Suppose I have a DataFrame df
in pySpark of the following form:
| id | type | description |
| 1 | "A" | "Date: 2018/01/01\nDescr: This is a test des\ncription\n |
| 2 | "B" | "Date: 2018/01/02\nDescr: Another test descr\niption\n |
| 3 | "A" | "Date: 2018/01/03\nWarning: This is a warnin\ng, watch out\n |
which is of course a dummy set, but will suffice for this example.
I have made a regex-statement with named groups that can be used to extract the relevant information from the description-field, something along the lines of:
^(?:(?:Date: (?P<DATE>.+?)\n)|(?:Descr: (?P<DESCR>.+?)\n)|(?:Warning: (?P<WARNING>.+?)\n)+$
again, dummy regex, the actual regex is somewhat more elaborate, but the purpose is to capture three possible groups:
| DATE | DESCR | WARNING |
| 2018/01/01 | This is a test des\ncription | None |
| 2018/01/02 | Another test descr\niption | None |
| 2018/01/03 | None | This is a warnin\ng, watch out |
Now I would want to add the columns that are the result of the regex match to the original DataFrame (i.e. combine the two dummy tables in this question into one).

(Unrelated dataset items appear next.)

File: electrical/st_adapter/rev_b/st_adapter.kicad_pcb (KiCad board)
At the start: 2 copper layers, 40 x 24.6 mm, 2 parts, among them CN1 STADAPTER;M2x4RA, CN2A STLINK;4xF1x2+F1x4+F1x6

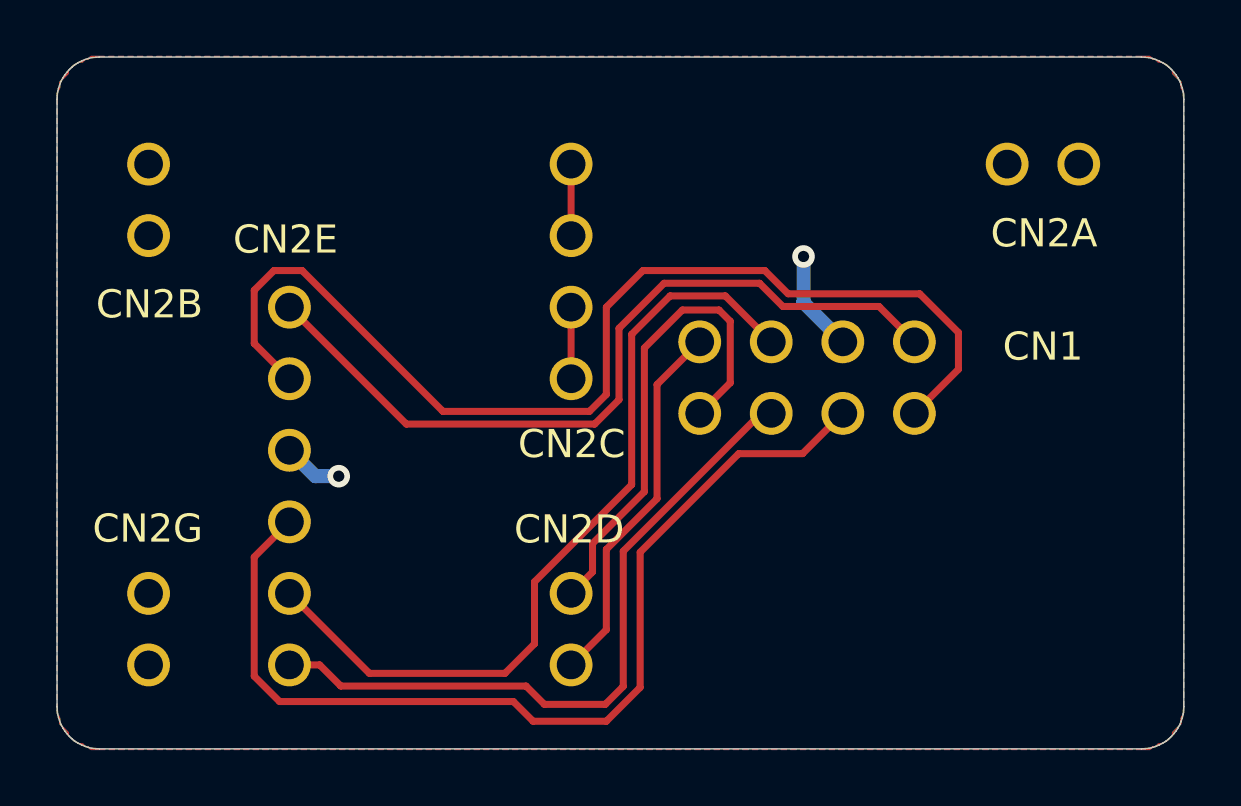
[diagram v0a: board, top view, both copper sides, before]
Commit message: Updated encoder/st-link Rev. B PCB's
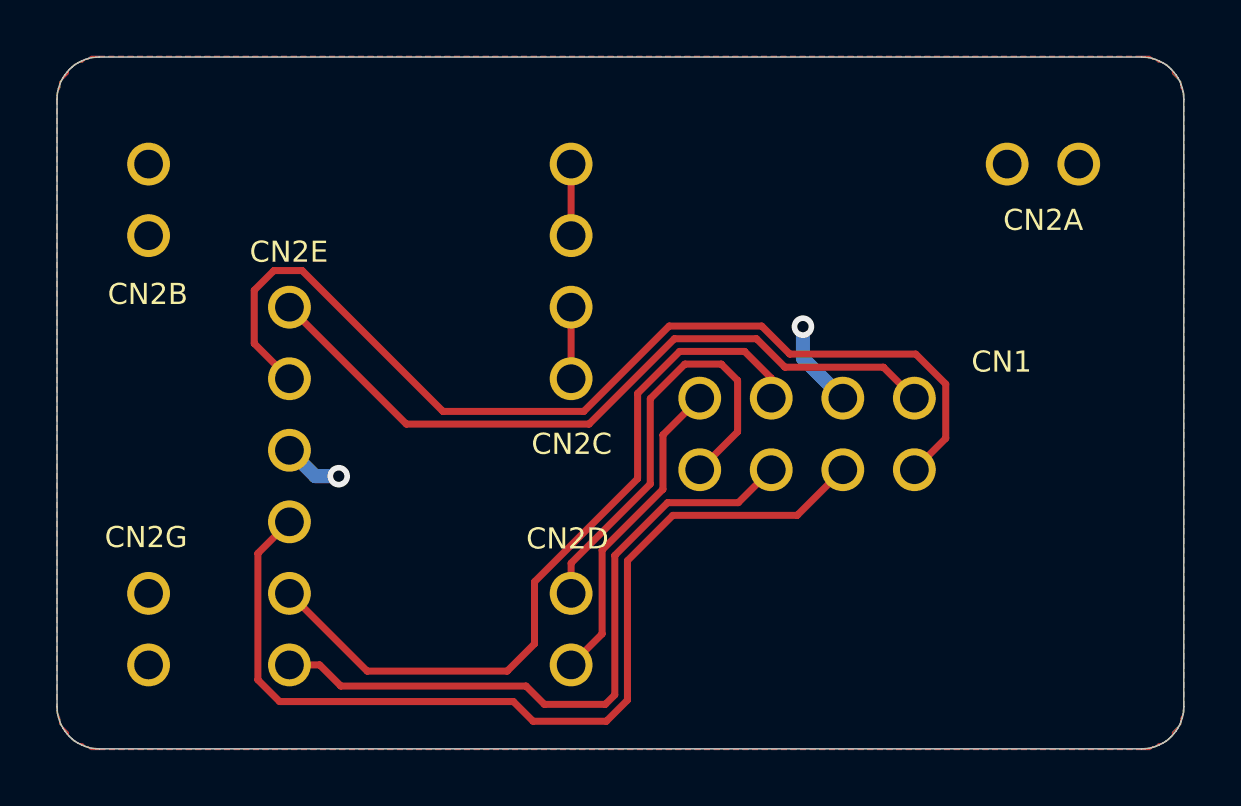
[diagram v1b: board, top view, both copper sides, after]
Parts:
- moved CN1 2.00 mm to (100.0, 102.0)
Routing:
- net /SWCLK: track 39.3 -> 36.2 mm
- net /3V3: track 28.3 -> 26.0 mm
- net /RX: track 13.4 -> 11.4 mm
- net /NRST: track 28.9 -> 27.1 mm
- net /TX: track 17.3 -> 15.7 mm
- net /SWDIO: track 34.9 -> 34.0 mm
- net /SWO: track 24.8 -> 24.0 mm
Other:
- board text added: "HR2 ST ADAPTER License: MIT Date: 2021Jan21 Rev. B Copyright © 2019-21 Homebrew Robotics Club"
- board text removed: "HR2 ST ADAPTER Copyright © 2019-20 Homebrew Robotics Club License: MIT Date: 2020Dec26 Rev. A"

I have tried several ways to accomplish this, but none have lead to the full solution yet. A thing I've tried is:
def extract_fields(string):
patt = <ABOVE_PATTERN>
result = re.match(patt, string, re.DOTALL).groupdict()
# Actually, a slight work-around is needed to overcome the None problem when
# no match can be made, I'm using pandas' .str.extract for this now
return result
df.rdd.map(lambda x: extract_fields(x.description))
This will yield the second table, but I see no way to combine this with the original columns from df
. I have tried to construct a new Row()
, but then I run into problems with the ordering of columns (and the fact that I cannot hard-code the column names that will be added by the regex groups) that is needed in the Row()
-constructor, resulting in a dataframe that is has the columns all jumbled up. How can I achieve what I want, i.e. one DataFrame with six columns: id
, type
, description
, DATE
, DESCR
and WARNING
?
Remark. Actually, the description field is not just one field, but several columns. Using concat_ws
, I have concatenated these columns into a new columns description
with the description-fields separated with \n
, but maybe this can be incorporated in a nicer way.